Over the last few years, the world has become familiar with Tinder – the dating app that links directly with your Facebook profile, connecting you to romantic partners in your vicinity for casual encounters or possibly long-term relationships.
You might have used Tinder at the gym, the park, or maybe even the club, which is all well and good for your stable types, but what about the loners and drifters? That’s why I’ve spent the last month traveling truck stops with nothing but an iPhone, the money I made selling crushed pseudoephedrine, and a never-say-die belief in love. Here’s what I found:
5. Sleeping with Truckers Doesn’t Make You Gay
Let’s just get that one out of way. I’m a heterosexual male just like so many of the truckers I’ve had sex with across this great country.
America’s highways are long and lonely, and grabbing ten minutes behind a Bob’s Big Boy on Highway 90 is not about being gay; it’s about saying, hey fellow traveler, I swiped right on you, because you looked mighty fine in that CAT baseball hat. Now let’s pop some uppers and shake off the infinite sadness of America’s highway system with hetero-dude orgasms.
4. Many Women Willing To Have Sex At Truck Stops Expect Money
Now don’t get me wrong. Like any red-blooded, heterosexual male, I went looking for ladies, but for whatever reason, not so many of them check in at isolated truck stops. Seems most just want to use the bathroom or grab a cup of coffee before continuing their travels.
I did meet a few, however, and if you’re a drifter who’s serious about finding vagabond love, you will too. Be warned, however: many of these ladies posing as lonely travelers will expect payment for sexual services rendered. They also expect you to have your own car, seemingly too proud for intimacy behind Bob’s Big Boy.
3. Never Trust A Trucker Whose Profile Doesn’t Have A Picture With A Dog
You can tell a lot about a man from his Tinder profile. The pics he chooses reveal the most important aspects of character. For example, does he have friends, does he clean up nice when he’s not trucking, and most of all, does he love puppies?

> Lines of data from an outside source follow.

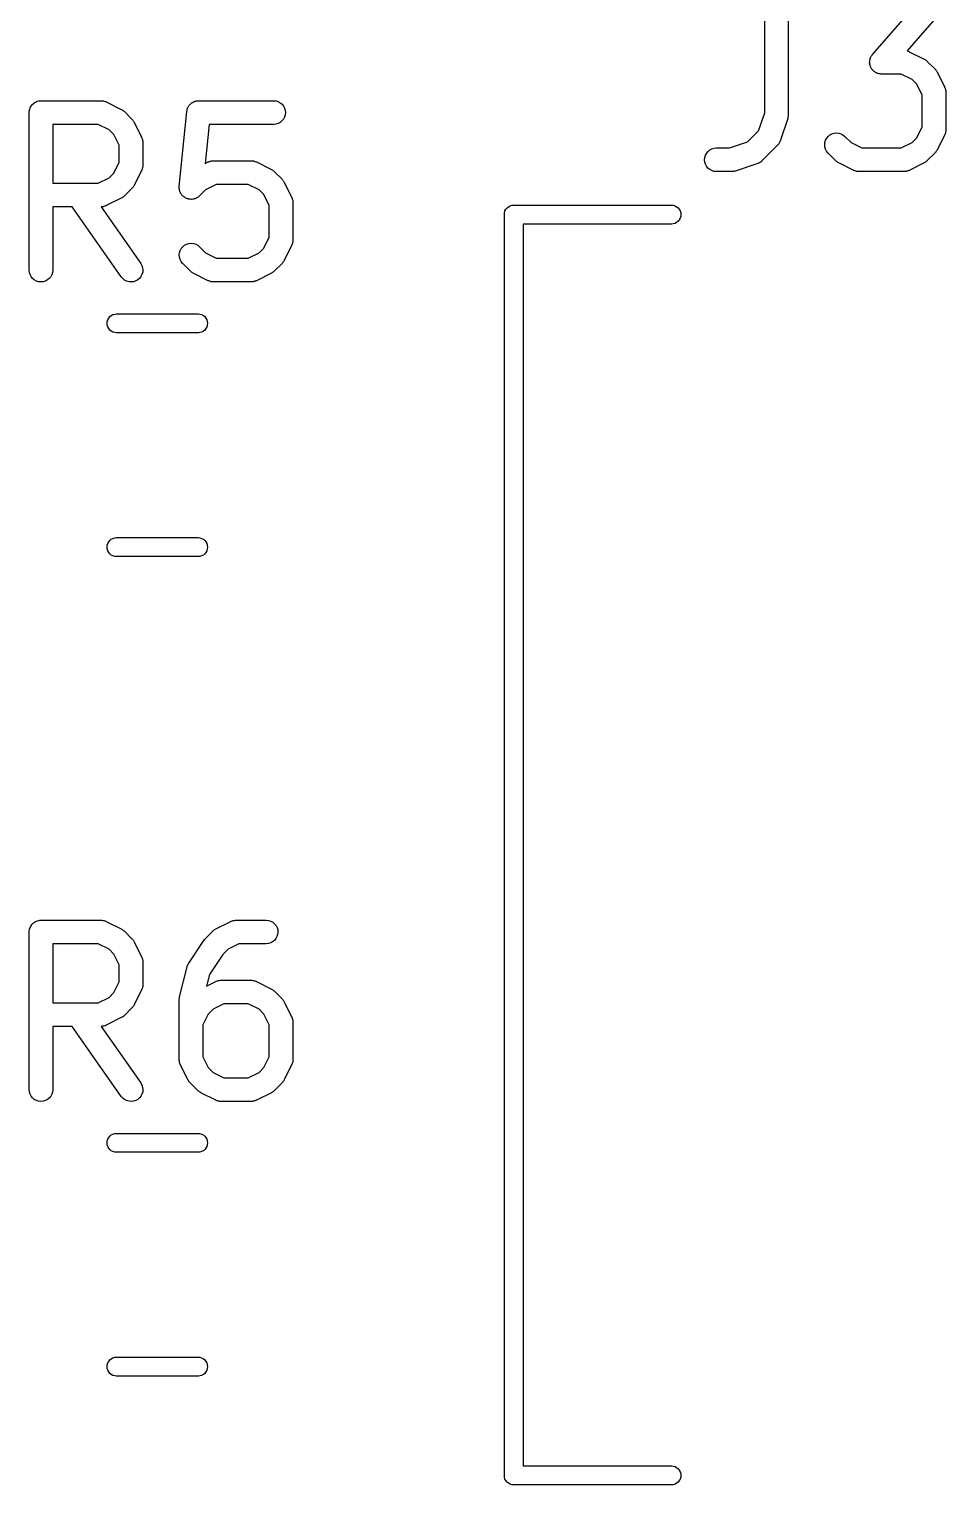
# Model space of a CAD drawing. Extents: x 85.9 to 159.2, y -122.9 to -78.6.
# Drawn here: x 132.92 to 138.74, y -93.06 to -83.82 of the extents above; entities that cross this region are included whole.
import ezdxf

# ---------------------------------------------------------------- set-up
doc = ezdxf.new("R2010")
doc.units = 0
doc.header["$MEASUREMENT"] = 0
doc.layers.add('BLACK', color=7, linetype='CONTINUOUS')

msp = doc.modelspace()

# ---------------------------------------------------------------- linework, layer by layer
at = {"layer": 'BLACK', "linetype": 'CONTINUOUS'}
for p, q in [((137.592, -84.3545), (137.592, -83.6524)), ((137.742, -83.6524), (137.742, -84.3667)), ((138.277, -83.9839), (138.501, -83.7274)), ((138.723, -83.7018), (138.496, -83.9611)), ((138.496, -83.9611), (138.501, -83.9629)), ((138.501, -83.9629), (138.506, -83.9644)), ((138.506, -83.9644), (138.508, -83.9655)), ((138.258, -84.0328), (138.259, -84.0281)), ((138.259, -84.0354), (138.258, -84.0328)), ((138.258, -84.0381), (138.259, -84.0354)), ((138.259, -84.0427), (138.258, -84.0381)), ((138.259, -84.0234), (138.26, -84.0209)), ((138.259, -84.0281), (138.259, -84.0234)), ((138.26, -84.0474), (138.259, -84.0427)), ((138.26, -84.0183), (138.261, -84.0138)), ((138.26, -84.0209), (138.26, -84.0183)), ((138.26, -84.0499), (138.26, -84.0474)), ((138.261, -84.0525), (138.26, -84.0499)), ((138.261, -84.0138), (138.262, -84.0092)), ((138.262, -84.0569), (138.261, -84.0525)), ((138.262, -84.0092), (138.263, -84.0068)), ((138.264, -84.0614), (138.262, -84.0569)), ((138.263, -84.0068), (138.264, -84.0043)), ((138.264, -84.0043), (138.266, -84.0001)), ((138.266, -84.0001), (138.268, -83.9958)), ((138.268, -83.9958), (138.27, -83.9937)), ((138.27, -83.9937), (138.271, -83.9914)), ((138.271, -83.9914), (138.274, -83.9878)), ((138.274, -83.9878), (138.277, -83.9839)), ((138.508, -83.9655), (138.51, -83.9663)), ((138.51, -83.9663), (138.605, -84.0139)), ((138.605, -84.0139), (138.606, -84.0143)), ((138.606, -84.0143), (138.609, -84.0166)), ((138.609, -84.0166), (138.613, -84.0186)), ((138.613, -84.0186), (138.616, -84.0206)), ((138.616, -84.0206), (138.618, -84.0223)), ((138.618, -84.0223), (138.621, -84.0252)), ((138.621, -84.0252), (138.624, -84.0279)), ((138.624, -84.0279), (138.672, -84.0755)), ((138.265, -84.0638), (138.264, -84.0614)), ((138.266, -84.0662), (138.265, -84.0638)), ((138.268, -84.0702), (138.266, -84.0662)), ((138.271, -84.0744), (138.268, -84.0702)), ((138.272, -84.0764), (138.271, -84.0744)), ((138.274, -84.0787), (138.272, -84.0764)), ((138.277, -84.0821), (138.274, -84.0787)), ((138.28, -84.0858), (138.277, -84.0821)), ((138.282, -84.0875), (138.28, -84.0858)), ((138.284, -84.0894), (138.282, -84.0875)), ((138.287, -84.0922), (138.284, -84.0894)), ((138.291, -84.0952), (138.287, -84.0922)), ((138.293, -84.0965), (138.291, -84.0952)), ((138.295, -84.098), (138.293, -84.0965)), ((138.3, -84.1), (138.295, -84.098)), ((138.304, -84.1023), (138.3, -84.1)), ((138.306, -84.1031), (138.304, -84.1023)), ((138.309, -84.1042), (138.306, -84.1031)), ((138.313, -84.1053), (138.309, -84.1042)), ((138.318, -84.1067), (138.313, -84.1053)), ((138.32, -84.107), (138.318, -84.1067)), ((138.323, -84.1076), (138.32, -84.107)), ((138.328, -84.1078), (138.323, -84.1076)), ((138.332, -84.1083), (138.328, -84.1078)), ((138.333, -84.1083), (138.332, -84.1083)), ((138.458, -84.1083), (138.333, -84.1083)), ((138.527, -84.1426), (138.458, -84.1083)), ((138.557, -84.173), (138.527, -84.1426)), ((138.672, -84.0755), (138.673, -84.0763)), ((138.673, -84.0763), (138.675, -84.0796)), ((138.675, -84.0796), (138.678, -84.0826)), ((138.678, -84.0826), (138.68, -84.0853)), ((138.68, -84.0853), (138.682, -84.0877)), ((138.682, -84.0877), (138.684, -84.0915)), ((138.684, -84.0915), (138.686, -84.095)), ((138.686, -84.095), (138.734, -84.1903)), ((138.592, -84.2415), (138.557, -84.173)), ((138.592, -84.4442), (138.592, -84.2415)), ((138.734, -84.1903), (138.734, -84.1912)), ((138.734, -84.1912), (138.735, -84.1933)), ((138.735, -84.1933), (138.736, -84.1952)), ((138.736, -84.1952), (138.737, -84.2001)), ((138.737, -84.2001), (138.739, -84.2049)), ((138.739, -84.2049), (138.74, -84.2071)), ((138.74, -84.2071), (138.74, -84.2092)), ((138.74, -84.2092), (138.741, -84.2143)), ((138.741, -84.2143), (138.742, -84.2194)), ((138.742, -84.2194), (138.741, -84.2216)), ((138.741, -84.2216), (138.742, -84.2238)), ((138.742, -84.2238), (138.742, -84.4619)), ((132.926, -84.3368), (132.928, -84.3301)), ((132.928, -84.3301), (132.93, -84.3233)), ((132.93, -84.3228), (132.934, -84.3166)), ((132.93, -84.3231), (132.93, -84.3228)), ((132.93, -84.3233), (132.93, -84.3231)), ((132.934, -84.3166), (132.937, -84.3104)), ((132.937, -84.3102), (132.938, -84.31)), ((132.937, -84.3104), (132.937, -84.3102)), ((132.938, -84.31), (132.942, -84.3046)), ((132.942, -84.3046), (132.947, -84.2992)), ((132.947, -84.2988), (132.952, -84.2944)), ((132.947, -84.299), (132.947, -84.2988)), ((132.947, -84.2992), (132.947, -84.299)), ((132.952, -84.2944), (132.958, -84.2899)), ((132.958, -84.2896), (132.965, -84.2864)), ((132.958, -84.2898), (132.958, -84.2896)), ((132.958, -84.2899), (132.958, -84.2898)), ((132.965, -84.2864), (132.971, -84.283)), ((132.971, -84.2828), (132.978, -84.2808)), ((132.971, -84.283), (132.971, -84.2828)), ((132.971, -84.283), (132.971, -84.283)), ((132.978, -84.2808), (132.985, -84.2788)), ((132.985, -84.2787), (132.992, -84.2781)), ((132.985, -84.2788), (132.985, -84.2787)), ((132.985, -84.2788), (132.985, -84.2788)), ((132.992, -84.2781), (132.999, -84.2774)), ((132.999, -84.2774), (133.38, -84.2774)), ((133.38, -84.2774), (133.381, -84.2774)), ((133.381, -84.2774), (133.384, -84.2776)), ((133.384, -84.2776), (133.386, -84.2776)), ((133.386, -84.2776), (133.391, -84.2784)), ((133.391, -84.2784), (133.396, -84.279)), ((133.396, -84.279), (133.398, -84.2797)), ((133.398, -84.2797), (133.4, -84.2801)), ((133.4, -84.2801), (133.405, -84.2819)), ((133.405, -84.2819), (133.41, -84.2834)), ((133.41, -84.2834), (133.412, -84.2845)), ((133.412, -84.2845), (133.414, -84.2853)), ((133.414, -84.2853), (133.509, -84.3329)), ((133.509, -84.3329), (133.51, -84.3334)), ((133.51, -84.3334), (133.514, -84.3357)), ((133.926, -84.3373), (133.927, -84.3335)), ((133.927, -84.3335), (133.928, -84.3296)), ((133.928, -84.3296), (133.929, -84.3265)), ((133.929, -84.3265), (133.93, -84.3233)), ((133.93, -84.3233), (133.932, -84.3198)), ((133.932, -84.3198), (133.934, -84.3161)), ((133.934, -84.3161), (133.936, -84.3134)), ((133.936, -84.3134), (133.937, -84.3104)), ((133.937, -84.3104), (133.94, -84.3074)), ((133.94, -84.3074), (133.942, -84.3041)), ((133.942, -84.3041), (133.944, -84.3017)), ((133.944, -84.3017), (133.947, -84.2992)), ((133.947, -84.2992), (133.95, -84.2966)), ((133.95, -84.2966), (133.953, -84.2938)), ((133.953, -84.2938), (133.955, -84.292)), ((133.955, -84.292), (133.958, -84.2899)), ((133.958, -84.2899), (133.961, -84.288)), ((133.961, -84.288), (133.965, -84.2858)), ((133.965, -84.2858), (133.968, -84.2846)), ((133.968, -84.2846), (133.971, -84.283)), ((133.971, -84.283), (133.975, -84.2819)), ((133.975, -84.2819), (133.978, -84.2804)), ((133.978, -84.2804), (133.982, -84.2798)), ((133.982, -84.2798), (133.985, -84.2788)), ((133.985, -84.2788), (133.989, -84.2784)), ((133.989, -84.2784), (133.993, -84.2777)), ((133.993, -84.2777), (133.996, -84.2777)), ((133.996, -84.2777), (133.999, -84.2774)), ((133.999, -84.2774), (134.476, -84.2774)), ((134.476, -84.2774), (134.477, -84.2774)), ((134.477, -84.2774), (134.491, -84.279)), ((134.491, -84.279), (134.505, -84.2834)), ((134.505, -84.2834), (134.518, -84.2905)), ((134.518, -84.2905), (134.529, -84.2999)), ((134.529, -84.2999), (134.538, -84.3113)), ((134.538, -84.3113), (134.545, -84.3243)), ((134.545, -84.3243), (134.549, -84.3383)), ((132.924, -84.3513), (132.925, -84.3443)), ((132.924, -84.3518), (132.924, -84.3513)), ((132.924, -84.3519), (132.924, -84.3518)), ((132.924, -84.3524), (132.924, -84.3519)), ((132.924, -84.3519), (132.924, -84.3519)), ((132.924, -85.3524), (132.924, -84.3524)), ((132.925, -84.3443), (132.926, -84.3373)), ((132.926, -84.337), (132.926, -84.3368)), ((132.926, -84.3373), (132.926, -84.337)), ((133.514, -84.3357), (133.517, -84.3377)), ((133.517, -84.3377), (133.52, -84.3397)), ((133.52, -84.3397), (133.522, -84.3414)), ((133.522, -84.3414), (133.525, -84.3443)), ((133.525, -84.3443), (133.529, -84.347)), ((133.529, -84.347), (133.576, -84.3946)), ((133.576, -84.3946), (133.577, -84.3953)), ((133.577, -84.3953), (133.58, -84.3986)), ((133.58, -84.3986), (133.583, -84.4017)), ((133.583, -84.4017), (133.584, -84.4043)), ((133.584, -84.4043), (133.586, -84.4068)), ((133.586, -84.4068), (133.588, -84.4105)), ((133.588, -84.4105), (133.59, -84.4141)), ((133.59, -84.4141), (133.638, -84.5093)), ((133.877, -84.8211), (133.925, -84.3449)), ((133.925, -84.3439), (133.926, -84.3406)), ((133.925, -84.3449), (133.925, -84.3439)), ((133.926, -84.3406), (133.926, -84.3373)), ((134.49, -84.426), (134.476, -84.4274)), ((134.504, -84.4217), (134.49, -84.426)), ((134.517, -84.4148), (134.504, -84.4217)), ((134.528, -84.4056), (134.517, -84.4148)), ((134.538, -84.3943), (134.528, -84.4056)), ((134.545, -84.3814), (134.538, -84.3943)), ((134.549, -84.3675), (134.545, -84.3814)), ((134.549, -84.3383), (134.551, -84.3529)), ((134.551, -84.3529), (134.549, -84.3675)), ((137.553, -84.469), (137.592, -84.3545)), ((137.738, -84.3904), (137.69, -84.5332)), ((137.739, -84.3863), (137.738, -84.3904)), ((137.74, -84.3823), (137.739, -84.3863)), ((137.741, -84.3761), (137.74, -84.3792)), ((137.74, -84.3792), (137.74, -84.3823)), ((137.742, -84.3677), (137.741, -84.3719)), ((137.741, -84.3719), (137.741, -84.3761)), ((137.742, -84.3667), (137.742, -84.3677)), ((133.074, -84.4274), (133.074, -84.8012)), ((133.363, -84.4274), (133.074, -84.4274)), ((133.431, -84.4616), (133.363, -84.4274)), ((133.462, -84.492), (133.431, -84.4616)), ((133.496, -84.5606), (133.462, -84.492)), ((133.638, -84.5093), (133.638, -84.5103)), ((133.638, -84.5103), (133.639, -84.5123)), ((133.639, -84.5123), (133.64, -84.5143)), ((133.64, -84.5143), (133.642, -84.5192)), ((133.642, -84.5192), (133.643, -84.524)), ((134.067, -84.4274), (134.042, -84.6756)), ((134.476, -84.4274), (134.067, -84.4274)), ((137.483, -84.5392), (137.553, -84.469)), ((137.979, -84.5278), (137.986, -84.515)), ((137.986, -84.515), (137.995, -84.5037)), ((137.995, -84.5037), (138.006, -84.4945)), ((138.006, -84.4945), (138.019, -84.4877)), ((138.019, -84.4877), (138.033, -84.4835)), ((138.033, -84.4835), (138.048, -84.4821)), ((138.048, -84.4821), (138.062, -84.4836)), ((138.062, -84.4836), (138.076, -84.4879)), ((138.076, -84.4879), (138.089, -84.4948)), ((138.089, -84.4948), (138.101, -84.5041)), ((138.101, -84.5041), (138.14, -84.5431)), ((138.527, -84.5431), (138.557, -84.5127)), ((138.557, -84.5127), (138.592, -84.4442)), ((138.734, -84.4954), (138.686, -84.5907)), ((138.735, -84.4934), (138.734, -84.4954)), ((138.736, -84.4915), (138.735, -84.4934)), ((138.737, -84.4866), (138.736, -84.4915)), ((138.739, -84.4818), (138.737, -84.4866)), ((138.74, -84.4775), (138.739, -84.4796)), ((138.739, -84.4796), (138.739, -84.4818)), ((138.741, -84.4724), (138.74, -84.4775)), ((138.742, -84.463), (138.741, -84.4651)), ((138.741, -84.4651), (138.741, -84.4674)), ((138.741, -84.4674), (138.741, -84.4724)), ((138.742, -84.4619), (138.742, -84.463)), ((133.496, -84.668), (133.496, -84.5606)), ((133.643, -84.524), (133.644, -84.5262)), ((133.644, -84.5262), (133.644, -84.5283)), ((133.644, -84.5283), (133.645, -84.5334)), ((133.645, -84.5334), (133.646, -84.5385)), ((133.646, -84.5385), (133.646, -84.5407)), ((133.646, -84.5407), (133.646, -84.5429)), ((133.646, -84.5429), (133.646, -84.6857)), ((137.217, -84.6233), (137.224, -84.6104)), ((137.224, -84.6104), (137.233, -84.5992)), ((137.233, -84.5992), (137.244, -84.5899)), ((137.244, -84.5899), (137.257, -84.583)), ((137.257, -84.583), (137.271, -84.5788)), ((137.271, -84.5788), (137.286, -84.5774)), ((137.286, -84.5774), (137.369, -84.5774)), ((137.369, -84.5774), (137.483, -84.5392)), ((137.672, -84.5626), (137.577, -84.6578)), ((137.673, -84.5609), (137.672, -84.5626)), ((137.675, -84.5594), (137.673, -84.5609)), ((137.678, -84.5552), (137.675, -84.5594)), ((137.681, -84.5512), (137.678, -84.5552)), ((137.682, -84.5493), (137.681, -84.5512)), ((137.684, -84.5475), (137.682, -84.5493)), ((137.686, -84.5429), (137.684, -84.5475)), ((137.688, -84.5383), (137.686, -84.5429)), ((137.689, -84.5362), (137.688, -84.5383)), ((137.69, -84.5342), (137.689, -84.5362)), ((137.69, -84.5332), (137.69, -84.5342)), ((137.973, -84.5564), (137.974, -84.5418)), ((137.974, -84.5709), (137.973, -84.5564)), ((137.974, -84.5418), (137.979, -84.5278)), ((137.978, -84.585), (137.974, -84.5709)), ((137.985, -84.598), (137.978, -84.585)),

You simply can’t get romantically involved with a man who doesn’t put that pet picture front and center when looking for anonymous truck stop sex from someone who routinely urinates in a mayonnaise jar during the work day.
2. Never Trust A Townie!
Sometimes if you’re at a truck stop that’s not sufficiently in the middle of nowhere, you might pick up love-seekers from a neighboring town. While tempting, I strongly recommend you never swipe right on a townie. While some will appear for your date, not reeking from the sweat of a 300 mile drive, virtually none of them will be willing to have sex with you behind a Bob’s Big Boy.
1. The Hot Chicks At The Sunglass Hut Aren’t On Tinder
Any experienced traveler knows that the belle of the ball (of the truck stop) are the beautiful young women of the Sunglass Hut. These sirens will beckon you with their call of “sunglasses?” or “need sunglasses?” or “you look good in those sunglasses.”
Despite the obvious overture, these are, apparently, not requests for romantic attention. I know. I’ve asked each and every Sunglass Hut chick, and apparently none of them are on Tinder. Weird business policy or something. You’re better off taking your love of the road and anonymous sex elsewhere.